На деревянной галерейке второго этажа девушка выгуливает младенца.
Во дворе тусуются кошки и всякие длинноволосые люди. Старушка, маленькая, как девочка, жонглирует разноцветными шариками.
Юра и Толя чинят и красят в белый цвет большой тяжелый велосипед.
– Слушай, ты Ленке не говори. Уволили меня из этой театральной студии. Видно, стукнул кто-то, что я Гумилева на занятии читал…
– А какого черта Гумилева-то?
– Пришли дети, которые записались в театральную студию, я говорю там, давайте с вами познакомимся, расскажите о себе, что читаете, кто ваши любимые поэты… А у всех девочек любимый поэт Асадов! Одна самая крутая, у нее Андрей Дементьев. Ё-мое! Ну, я не мог молчать.
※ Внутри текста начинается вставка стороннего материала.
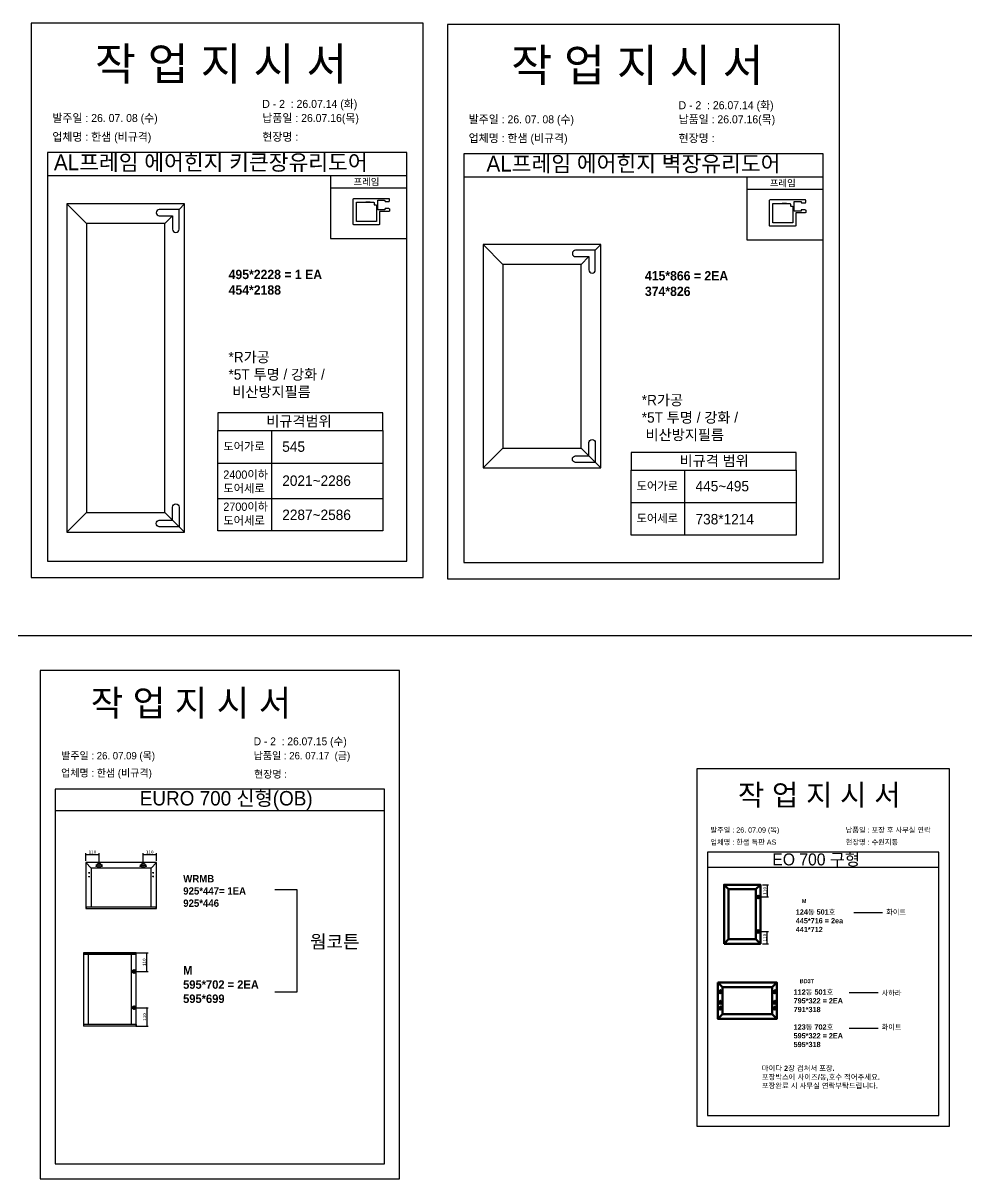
# Model space of a CAD drawing. Header units: millimetres. Extents: x -44117 to 256353, y -2095463 to 65325.
# Drawn here: x 117198 to 124384, y -1105709 to -1096910 of the extents above; entities that cross this region are included whole.
import ezdxf

# ---------------------------------------------------------------- set-up
doc = ezdxf.new("R2010")
doc.units = ezdxf.units.MM
doc.header["$LTSCALE"] = 10
doc.layers.add('Layer1', color=7, linetype='Continuous', lineweight=70)
doc.layers.add('PDF_Geomertry', color=7, linetype='Continuous')
doc.layers.add('PDF_Text', color=7, linetype='Continuous')
doc.styles.add('MtX_Gulim', font='')
doc.styles.add('PDF Arial', font='')
doc.styles.get('MtX_Gulim').set_extended_font_data('Gulim', bold=True)
doc.styles.get('PDF Arial').set_extended_font_data('Arial')
doc.dimstyles.new('ISO-25', dxfattribs={"dimtxt": 2.5, "dimasz": 2.5, "dimexe": 1, "dimexo": 1, "dimtad": 1, "dimtxsty": 'Standard', "dimblk": 'ARCHTICK', "dimcen": 2.5, "dimadec": 0, "dimazin": 0, "dimtfac": 1, "dimtmove": 0, "dimatfit": 3, "dimfxl": 0, "dimarcsym": 0})

# ---------------------------------------------------------------- blocks, each defined once
blk = doc.blocks.new('_ArchTick')
at = {"color": 0, "linetype": 'ByBlock', "const_width": 0.15}
blk.add_lwpolyline([(-0.5, -0.5), (0.5, 0.5)], dxfattribs=at)
blk = doc.blocks.new('*D7679')
at = {"color": 0, "lineweight": -2}
for p, q in [((117675.4, -1103286.1), (117675.4, -1103229.4)), ((117675.4, -1103239.4), (117776, -1103239.4)), ((117776, -1103305.9), (117776, -1103229.4))]:
    blk.add_line(p, q, dxfattribs=at)
at = {"layer": 'Defpoints', "color": 0}
for p in [(117776, -1103239.4), (117675.4, -1103301.1), (117776, -1103320.9)]:
    blk.add_point(p, dxfattribs=at)
at = {"color": 0, "lineweight": -2, "xscale": 10, "yscale": 10, "zscale": 10, "rotation": 180}
blk.add_blockref('_ArchTick', (117675.4, -1103239.4), dxfattribs=at)
at = {"color": 0, "lineweight": -2, "xscale": 10, "yscale": 10, "zscale": 10}
blk.add_blockref('_ArchTick', (117776, -1103239.4), dxfattribs=at)
at = {"color": 0, "insert": (117725.7, -1103220.7), "char_height": 25, "attachment_point": 5}
blk.add_mtext('110', dxfattribs=at)
blk = doc.blocks.new('*D7680')
at = {"color": 0, "lineweight": -2}
for p, q in [((118112, -1103305.9), (118112, -1103229.4)), ((118112, -1103239.4), (118212.5, -1103239.4)), ((118212.5, -1103286.1), (118212.5, -1103229.4))]:
    blk.add_line(p, q, dxfattribs=at)
at = {"layer": 'Defpoints', "color": 0}
for p in [(118212.5, -1103239.4), (118112, -1103320.9), (118212.5, -1103301.1)]:
    blk.add_point(p, dxfattribs=at)
at = {"color": 0, "lineweight": -2, "xscale": 10, "yscale": 10, "zscale": 10, "rotation": 180}
blk.add_blockref('_ArchTick', (118112, -1103239.4), dxfattribs=at)
at = {"color": 0, "lineweight": -2, "xscale": 10, "yscale": 10, "zscale": 10}
blk.add_blockref('_ArchTick', (118212.5, -1103239.4), dxfattribs=at)
at = {"color": 0, "insert": (118162.2, -1103220.7), "char_height": 25, "attachment_point": 5}
blk.add_mtext('110', dxfattribs=at)
blk = doc.blocks.new('*D7681')
at = {"color": 0, "lineweight": -2}
for p, q in [((118057.2, -1103988.3), (118149.4, -1103988.3)), ((118139.4, -1104130), (118139.4, -1103988.3)), ((118057.2, -1104130), (118149.4, -1104130))]:
    blk.add_line(p, q, dxfattribs=at)
at = {"layer": 'Defpoints', "color": 0}
for p in [(118042.2, -1103988.3), (118139.4, -1103988.3), (118042.2, -1104130)]:
    blk.add_point(p, dxfattribs=at)
at = {"color": 0, "lineweight": -2, "xscale": 10, "yscale": 10, "zscale": 10}
for p, rotation in [((118139.4, -1103988.3), 90), ((118139.4, -1104130), 270)]:
    blk.add_blockref('_ArchTick', p, dxfattribs=dict(at, rotation=rotation))
at = {"color": 0, "insert": (118120.6, -1104059.2), "char_height": 25, "attachment_point": 5, "rotation": 90}
blk.add_mtext('110', dxfattribs=at)
blk = doc.blocks.new('*D7682')
at = {"color": 0, "lineweight": -2}
for p, q in [((118057.2, -1104405.5), (118150.9, -1104405.5)), ((118140.9, -1104405.5), (118140.9, -1104546.4)), ((118057.2, -1104546.4), (118150.9, -1104546.4))]:
    blk.add_line(p, q, dxfattribs=at)
at = {"layer": 'Defpoints', "color": 0}
for p in [(118042.2, -1104405.5), (118042.2, -1104546.4), (118140.9, -1104546.4)]:
    blk.add_point(p, dxfattribs=at)
at = {"color": 0, "lineweight": -2, "xscale": 10, "yscale": 10, "zscale": 10}
for p, rotation in [((118140.9, -1104405.5), 90), ((118140.9, -1104546.4), 270)]:
    blk.add_blockref('_ArchTick', p, dxfattribs=dict(at, rotation=rotation))
at = {"color": 0, "insert": (118122.2, -1104476), "char_height": 25, "attachment_point": 5, "rotation": 90}
blk.add_mtext('110', dxfattribs=at)
blk = doc.blocks.new('*D7706')
at = {"color": 0, "lineweight": -2}
for p, q in [((122827.2, -1103469.6), (122873.9, -1103469.6)), ((122863.9, -1103469.6), (122863.9, -1103562.4)), ((122809.6, -1103562.4), (122873.9, -1103562.4))]:
    blk.add_line(p, q, dxfattribs=at)
at = {"layer": 'Defpoints', "color": 0}
for p in [(122812.2, -1103469.6), (122794.6, -1103562.4), (122863.9, -1103562.4)]:
    blk.add_point(p, dxfattribs=at)
at = {"color": 0, "lineweight": -2, "xscale": 10, "yscale": 10, "zscale": 10}
for p, rotation in [((122863.9, -1103469.6), 90), ((122863.9, -1103562.4), 270)]:
    blk.add_blockref('_ArchTick', p, dxfattribs=dict(at, rotation=rotation))
at = {"color": 0, "insert": (122845.2, -1103516), "char_height": 25, "attachment_point": 5, "rotation": 90}
blk.add_mtext('110', dxfattribs=at)
blk = doc.blocks.new('*D7707')
at = {"color": 0, "lineweight": -2}
for p, q in [((122809.6, -1103825.5), (122873.9, -1103825.5)), ((122863.9, -1103918.2), (122863.9, -1103825.5)), ((122827.2, -1103918.2), (122873.9, -1103918.2))]:
    blk.add_line(p, q, dxfattribs=at)
at = {"layer": 'Defpoints', "color": 0}
for p in [(122794.6, -1103825.5), (122863.9, -1103825.5), (122812.2, -1103918.2)]:
    blk.add_point(p, dxfattribs=at)
at = {"color": 0, "lineweight": -2, "xscale": 10, "yscale": 10, "zscale": 10}
for p, rotation in [((122863.9, -1103825.5), 90), ((122863.9, -1103918.2), 270)]:
    blk.add_blockref('_ArchTick', p, dxfattribs=dict(at, rotation=rotation))
at = {"color": 0, "insert": (122845.2, -1103871.8), "char_height": 25, "attachment_point": 5, "rotation": 90}
blk.add_mtext('110', dxfattribs=at)

msp = doc.modelspace()

# ---------------------------------------------------------------- linework, layer by layer
for p, q in [((120119.66773, -1097895.8574), (117384.33338, -1097895.8574)), ((123289.66773, -1097905.8574), (120554.33338, -1097905.8574)), ((120119.66773, -1098073.47651), (117384.33338, -1098073.47651)), ((123289.66773, -1098083.47651), (120554.33338, -1098083.47651)), ((120119.66773, -1098165.85514), (119537.54766, -1098165.85514)), ((123289.66773, -1098175.85514), (122707.54766, -1098175.85514)), ((117680.9165, -1098436.27824), (117530.9165, -1098286.27824)), ((118384.88942, -1098328.82643), (118427.43761, -1098286.27824)), ((118277.43761, -1098436.27824), (118336.16859, -1098377.54726)), ((120850.9165, -1098746.27824), (120700.9165, -1098596.27824)), ((121554.88942, -1098638.82643), (121597.43761, -1098596.27824)), ((121447.43761, -1098746.27824), (121506.16859, -1098687.54726)), ((119936.17703, -1100011.16977), (119936.17703, -1099876.81109)), ((119088.04171, -1100011.16977), (119088.04171, -1100775.82244)), ((120850.9165, -1100146.27824), (120700.9165, -1100296.27824)), ((121447.43761, -1100146.27824), (121597.43761, -1100296.27824)), ((123083.24555, -1100312.02816), (123083.24555, -1100177.66949)), ((118681.75948, -1100258.95595), (119936.17703, -1100258.95595)), ((122235.11022, -1100312.02816), (122235.11022, -1100807.60053)), ((118681.75948, -1100529.97209), (119936.17703, -1100529.97209)), ((121828.82799, -1100559.81434), (123083.24555, -1100559.81434)), ((117680.9165, -1100636.27824), (117530.9165, -1100786.27824)), ((118277.43761, -1100636.27824), (118427.43761, -1100786.27824)), ((119950.66077, -1102742.82684), (117442.27711, -1102742.82684)), ((119950.66077, -1102905.7089), (117442.27711, -1102905.7089)), ((124171.12332, -1103222.54234), (122408.19971, -1103222.54234)), ((117674.98711, -1103301.08859), (117674.98711, -1103650.7363)), ((117716.04073, -1103342.14222), (117675.12221, -1103300.76242)), ((118212.51214, -1103300.62732), (117675.44839, -1103300.62732)), ((117700.35733, -1103373.50903), (117700.35733, -1103382.73456)), ((117716.04073, -1103342.14222), (117716.04073, -1103638.28183)), ((118171.91979, -1103342.14222), (117716.04073, -1103342.14222)), ((117801.16718, -1103320.92349), (117750.84624, -1103320.92349)), ((117758.93947, -1103330.14902), (117751.55904, -1103330.14902)), ((117755.24926, -1103326.45881), (117755.24926, -1103333.83924)), ((117776.0067, -1103346.08396), (117776.0067, -1103295.76302)), ((117800.45437, -1103330.14902), (117793.07394, -1103330.14902)), ((117796.76416, -1103326.45881), (117796.76416, -1103333.83924)), ((118086.79335, -1103320.92349), (118137.1143, -1103320.92349)), ((118094.8866, -1103330.14902), (118087.50617, -1103330.14902)), ((118091.19639, -1103326.45881), (118091.19639, -1103333.83924)), ((118111.95383, -1103346.08396), (118111.95383, -1103295.76302)), ((118136.4015, -1103330.14902), (118129.02107, -1103330.14902)), ((118132.71129, -1103326.45881), (118132.71129, -1103333.83924)), ((118171.91979, -1103342.14222), (118212.83831, -1103300.76242)), ((118171.91979, -1103637.35927), (118171.91979, -1103342.14222)), ((118187.60321, -1103373.50903), (118187.60321, -1103382.73456)), ((118212.97341, -1103650.7363), (118212.97341, -1103301.08859)), ((124171.12332, -1103337.0179), (122408.19971, -1103337.0179)), ((117695.74457, -1103378.1218), (117704.9701, -1103378.1218)), ((117695.74457, -1103407.6435), (117704.9701, -1103407.6435)), ((117700.35733, -1103403.03073), (117700.35733, -1103412.25627)), ((118192.21597, -1103378.1218), (118182.99044, -1103378.1218)), ((118192.21597, -1103407.6435), (118182.99044, -1103407.6435)), ((118187.60321, -1103403.03073), (118187.60321, -1103412.25627)), ((117674.98711, -1103637.35927), (118212.97341, -1103637.35927)), ((117677.29349, -1103637.35927), (117677.29349, -1103651.19757)), ((118210.66703, -1103651.19757), (118210.66703, -1103637.35927)), ((117674.98711, -1103649.906), (118212.51214, -1103649.906)), ((117675.44839, -1103651.19757), (118212.51214, -1103651.19757)), ((123742.63155, -1103684.41457), (123523.56765, -1103684.41457)), ((117657.77941, -1103988.71314), (117657.77941, -1104545.96049)), ((118059.55507, -1103989.43476), (117657.77941, -1103989.43476)), ((118059.15417, -1103988.31224), (117658.18031, -1103988.31224)), ((118057.55058, -1104000.33916), (118057.55058, -1103988.31224)), ((118059.55507, -1104545.96049), (118059.55507, -1103988.71314)), ((118059.55507, -1104000.33916), (117657.77941, -1104000.33916)), ((117693.45928, -1103999.53737), (117693.45928, -1104534.33447)), ((118023.4743, -1104534.33447), (118023.4743, -1104000.33916)), ((123707.90191, -1104292.89293), (123488.83801, -1104292.89293)), ((118059.55507, -1104534.33447), (117657.77941, -1104534.33447)), ((118059.55507, -1104545.23888), (117657.77941, -1104545.23888)), ((118059.15417, -1104546.3614), (117658.18031, -1104546.3614)), ((117659.7839, -1104546.3614), (117659.7839, -1104534.33447)), ((118057.55058, -1104534.33447), (118057.55058, -1104546.3614)), ((123707.90191, -1104562.71554), (123488.83801, -1104562.71554))]:
    msp.add_line(p, q)
at = {"color": 1}
msp.add_line((104302.82932, -1101572.34036), (196571.97618, -1101572.34036), dxfattribs=at)
for points in [[(117260, -1101130), (120244.00111, -1101130), (120244.00111, -1096909.76986), (117260, -1096909.76986)], [(120430, -1101140), (123414.00111, -1101140), (123414.00111, -1096919.76986), (120430, -1096919.76986)], [(120119.66773, -1098073.47651), (119537.54766, -1098073.47651), (119537.54766, -1098549.9346), (120119.66773, -1098549.9346)], [(123289.66773, -1098083.47651), (122707.54766, -1098083.47651), (122707.54766, -1098559.9346), (123289.66773, -1098559.9346)], [(117530.9165, -1100786.27824), (118427.43761, -1100786.27824), (118427.43761, -1098286.27824), (117530.9165, -1098286.27824)], [(117680.9165, -1100636.27824), (118277.43761, -1100636.27824), (118277.43761, -1098436.27824), (117680.9165, -1098436.27824)], [(120700.9165, -1100296.27824), (121597.43761, -1100296.27824), (121597.43761, -1098596.27824), (120700.9165, -1098596.27824)], [(120850.9165, -1100146.27824), (121447.43761, -1100146.27824), (121447.43761, -1098746.27824), (120850.9165, -1098746.27824)], [(118681.75948, -1100011.16977), (119936.17703, -1100011.16977), (119936.17703, -1100775.82244), (118681.75948, -1100775.82244)], [(121828.82799, -1100312.02816), (123083.24555, -1100312.02816), (123083.24555, -1100807.60053), (121828.82799, -1100807.60053)], [(117328.25967, -1105708.63263), (120064.67821, -1105708.63263), (120064.67821, -1101838.55498), (117328.25967, -1101838.55498)], [(122328.06682, -1105306.94797), (124251.25621, -1105306.94797), (124251.25621, -1102587.00869), (122328.06682, -1102587.00869)]]:
    msp.add_lwpolyline(points, close=True)
for points in [[(117384.33338, -1097895.8574), (117384.33338, -1101005.66662), (120119.66773, -1101005.66662), (120119.66773, -1097895.8574)], [(120554.33338, -1097905.8574), (120554.33338, -1101015.66662), (123289.66773, -1101015.66662), (123289.66773, -1097905.8574)], [(119936.17703, -1099876.81109), (118681.75948, -1099876.81109), (118681.75948, -1100011.16977), (119936.17703, -1100011.16977)], [(123083.24555, -1100177.66949), (121828.82799, -1100177.66949), (121828.82799, -1100312.02816), (123083.24555, -1100312.02816)], [(117442.27711, -1102742.82684), (117442.27711, -1105594.61519), (119950.66077, -1105594.61519), (119950.66077, -1102742.82684)], [(122408.19971, -1103222.54234), (122408.19971, -1105226.81508), (124171.12332, -1105226.81508), (124171.12332, -1103222.54234)], [(119115.21412, -1103505.0567), (119281.37921, -1103505.0567), (119281.37921, -1104286.7879), (119115.21412, -1104286.7879)]]:
    msp.add_lwpolyline(points)
for points in [[(118384.92058, -1098377.54726), (118384.92058, -1098328.82643), (118234.92058, -1098328.82643, 1), (118234.92058, -1098377.54726), (118336.19975, -1098377.54726), (118336.19975, -1098478.82643, 1), (118384.92058, -1098478.82643), (118384.92058, -1098328.82643), (118336.19975, -1098328.82643)], [(121554.92058, -1098687.54726), (121554.92058, -1098638.82643), (121404.92058, -1098638.82643, 1), (121404.92058, -1098687.54726), (121506.19975, -1098687.54726), (121506.19975, -1098788.82643, 1), (121554.92058, -1098788.82643), (121554.92058, -1098638.82643), (121506.19975, -1098638.82643)], [(121554.92058, -1100205.00922), (121554.92058, -1100253.73005), (121404.92058, -1100253.73005, -1), (121404.92058, -1100205.00922), (121506.19975, -1100205.00922), (121506.19975, -1100103.73005, -1), (121554.92058, -1100103.73005), (121554.92058, -1100253.73005), (121506.19975, -1100253.73005)], [(118384.92058, -1100695.00922), (118384.92058, -1100743.73005), (118234.92058, -1100743.73005, -1), (118234.92058, -1100695.00922), (118336.19975, -1100695.00922), (118336.19975, -1100593.73005, -1), (118384.92058, -1100593.73005), (118384.92058, -1100743.73005), (118336.19975, -1100743.73005)]]:
    msp.add_lwpolyline(points, format="xyb")
for centre, radius in [((117700.35733, -1103378.12179), 1.38383), ((117755.24926, -1103330.14902), 1.47609), ((117776.0067, -1103320.92349), 16.14468), ((117796.76416, -1103330.14902), 1.47609), ((118091.19639, -1103330.14902), 1.47609), ((118111.95383, -1103320.92349), 16.14468), ((118132.71129, -1103330.14902), 1.47609), ((118187.60321, -1103378.12179), 1.38383), ((117700.35733, -1103407.6435), 1.38383), ((118187.60321, -1103407.6435), 1.38383)]:
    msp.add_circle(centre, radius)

– А ты что хотел-то от рабочей окраины, я не пойму? Бодлера в подлиннике? Спасибо, что так. Могли бы и бритвой по глазам.
– Ну они слушали, балдели вообще, прослезились, а потом стукнул кто-то директору…
– Народник хренов! И куда собираешься трудоустраиваться, как сказала бы наша деканша?
– Уже устроился, грузчиком в Южный порт.
– С твоим позвоночником? Дорогая редакция, я офигеваю, поэтому пишу вам… Просветитель нашелся…
Во двор заходит девочка лет шестнадцати в хайратнике вокруг головы, с холщовой сумкой через плечо.
– Здравствуйте! Ой, какой дворик здоровский! Это здесь готовят первый московский безвелосипедный велопробег? Мне Клякса сказал. Мы с ним на даче дружим, хотя он старше меня на целых четыре года. Клякса предупредил, что к вам можно только через знакомых. Еще я знаю одного там Антона, а он дружит с таким Ваней, который гений, из сто двадцать седьмой школы…
Юра был невысокого роста, а девочка долговязая, но Юра все равно посмотрел на нее, «как бык на божью коровку».